Excerpts from a dataset
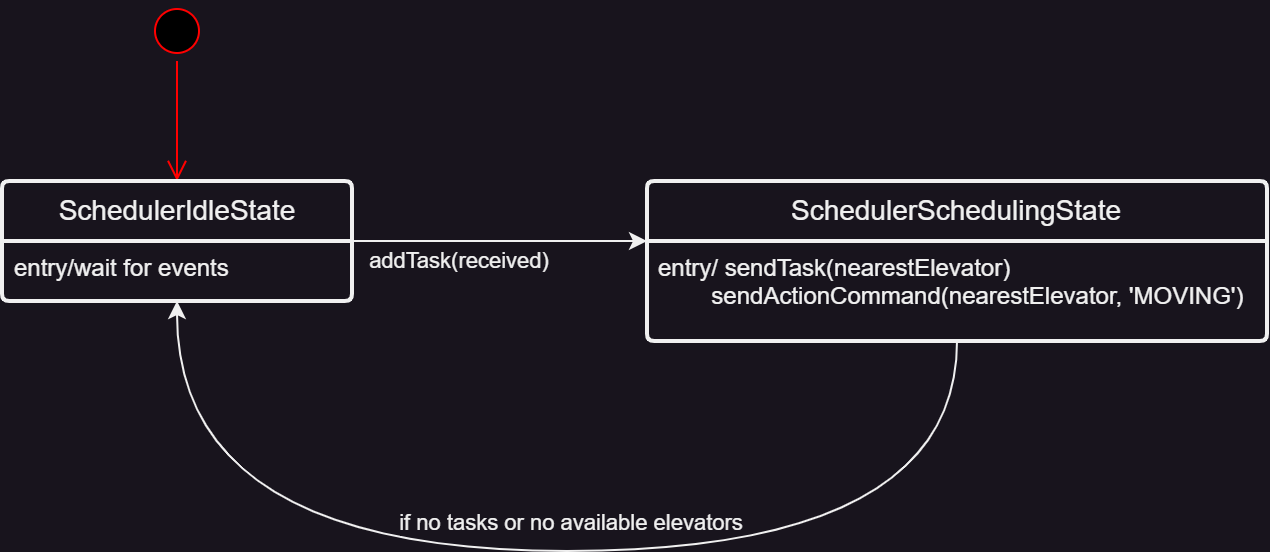

The diagram above was exported from draw.io. Its source (the exported page's mxGraphModel, read from the mxfile embedded in the PNG):
<mxGraphModel dx="884" dy="1008" grid="1" gridSize="10" guides="1" tooltips="1" connect="1" arrows="1" fold="1" page="0" pageScale="1" pageWidth="850" pageHeight="1100" math="0" shadow="0">
  <root>
    <mxCell id="0" />
    <mxCell id="1" parent="0" />
    <mxCell id="ehmHsF2NZX7fLAidSFRX-32" value="" style="ellipse;html=1;shape=startState;fillColor=#000000;strokeColor=#ff0000;" parent="1" vertex="1">
      <mxGeometry x="420" y="-50" width="30" height="30" as="geometry" />
    </mxCell>
    <mxCell id="ehmHsF2NZX7fLAidSFRX-33" value="" style="html=1;verticalAlign=bottom;endArrow=open;endSize=8;strokeColor=#ff0000;rounded=1;" parent="1" source="ehmHsF2NZX7fLAidSFRX-32" target="aI24Zmocai2TFtvmt02N-3" edge="1">
      <mxGeometry relative="1" as="geometry">
        <mxPoint x="415" y="40" as="targetPoint" />
      </mxGeometry>
    </mxCell>
    <mxCell id="aI24Zmocai2TFtvmt02N-24" style="edgeStyle=orthogonalEdgeStyle;rounded=0;orthogonalLoop=1;jettySize=auto;html=1;curved=1;exitX=0.5;exitY=1;exitDx=0;exitDy=0;entryX=0.5;entryY=1;entryDx=0;entryDy=0;" parent="1" source="aI24Zmocai2TFtvmt02N-14" target="aI24Zmocai2TFtvmt02N-4" edge="1">
      <mxGeometry relative="1" as="geometry">
        <mxPoint x="400" y="110" as="targetPoint" />
        <Array as="points">
          <mxPoint x="825" y="225" />
          <mxPoint x="435" y="225" />
        </Array>
        <mxPoint x="790" y="130" as="sourcePoint" />
      </mxGeometry>
    </mxCell>
    <mxCell id="aI24Zmocai2TFtvmt02N-26" value="if no tasks or no available elevators" style="edgeLabel;html=1;align=center;verticalAlign=middle;resizable=0;points=[];" parent="aI24Zmocai2TFtvmt02N-24" vertex="1" connectable="0">
      <mxGeometry x="-0.0667" y="-2" relative="1" as="geometry">
        <mxPoint x="-10" y="-13" as="offset" />
      </mxGeometry>
    </mxCell>
    <mxCell id="aI24Zmocai2TFtvmt02N-15" style="rounded=0;orthogonalLoop=1;jettySize=auto;html=1;exitX=1;exitY=0;exitDx=0;exitDy=0;entryX=0;entryY=0;entryDx=0;entryDy=0;" parent="1" source="aI24Zmocai2TFtvmt02N-4" target="aI24Zmocai2TFtvmt02N-14" edge="1">
      <mxGeometry relative="1" as="geometry" />
    </mxCell>
    <mxCell id="aI24Zmocai2TFtvmt02N-17" value="addTask(received)" style="edgeLabel;html=1;align=center;verticalAlign=middle;resizable=0;points=[];" parent="aI24Zmocai2TFtvmt02N-15" vertex="1" connectable="0">
      <mxGeometry x="-0.2889" y="-1" relative="1" as="geometry">
        <mxPoint x="1" y="8" as="offset" />
      </mxGeometry>
    </mxCell>
    <mxCell id="aI24Zmocai2TFtvmt02N-3" value="SchedulerIdleState" style="swimlane;childLayout=stackLayout;horizontal=1;startSize=30;horizontalStack=0;rounded=1;fontSize=14;fontStyle=0;strokeWidth=2;resizeParent=0;resizeLast=1;shadow=0;dashed=0;align=center;arcSize=4;whiteSpace=wrap;html=1;" parent="1" vertex="1">
      <mxGeometry x="347.5" y="40" width="175" height="60" as="geometry" />
    </mxCell>
    <mxCell id="aI24Zmocai2TFtvmt02N-4" value="entry/wait for events" style="align=left;strokeColor=none;fillColor=none;spacingLeft=4;fontSize=12;verticalAlign=top;resizable=0;rotatable=0;part=1;html=1;" parent="aI24Zmocai2TFtvmt02N-3" vertex="1">
      <mxGeometry y="30" width="175" height="30" as="geometry" />
    </mxCell>
    <mxCell id="aI24Zmocai2TFtvmt02N-13" value="SchedulerSchedulingState" style="swimlane;childLayout=stackLayout;horizontal=1;startSize=30;horizontalStack=0;rounded=1;fontSize=14;fontStyle=0;strokeWidth=2;resizeParent=0;resizeLast=1;shadow=0;dashed=0;align=center;arcSize=4;whiteSpace=wrap;html=1;" parent="1" vertex="1">
      <mxGeometry x="670" y="40" width="310" height="80" as="geometry" />
    </mxCell>
    <mxCell id="aI24Zmocai2TFtvmt02N-14" value="entry/ sendTask(nearestElevator)&lt;br&gt;&lt;span style=&quot;white-space: pre;&quot;&gt;&#09;&lt;/span&gt;sendActionCommand(nearestElevator, 'MOVING')" style="align=left;strokeColor=none;fillColor=none;spacingLeft=4;fontSize=12;verticalAlign=top;resizable=0;rotatable=0;part=1;html=1;" parent="aI24Zmocai2TFtvmt02N-13" vertex="1">
      <mxGeometry y="30" width="310" height="50" as="geometry" />
    </mxCell>
  </root>
</mxGraphModel>

Task requirements
The word "startSize" may occur in lines of the records. Report how many such lines there are, giving only the number.

Response area
2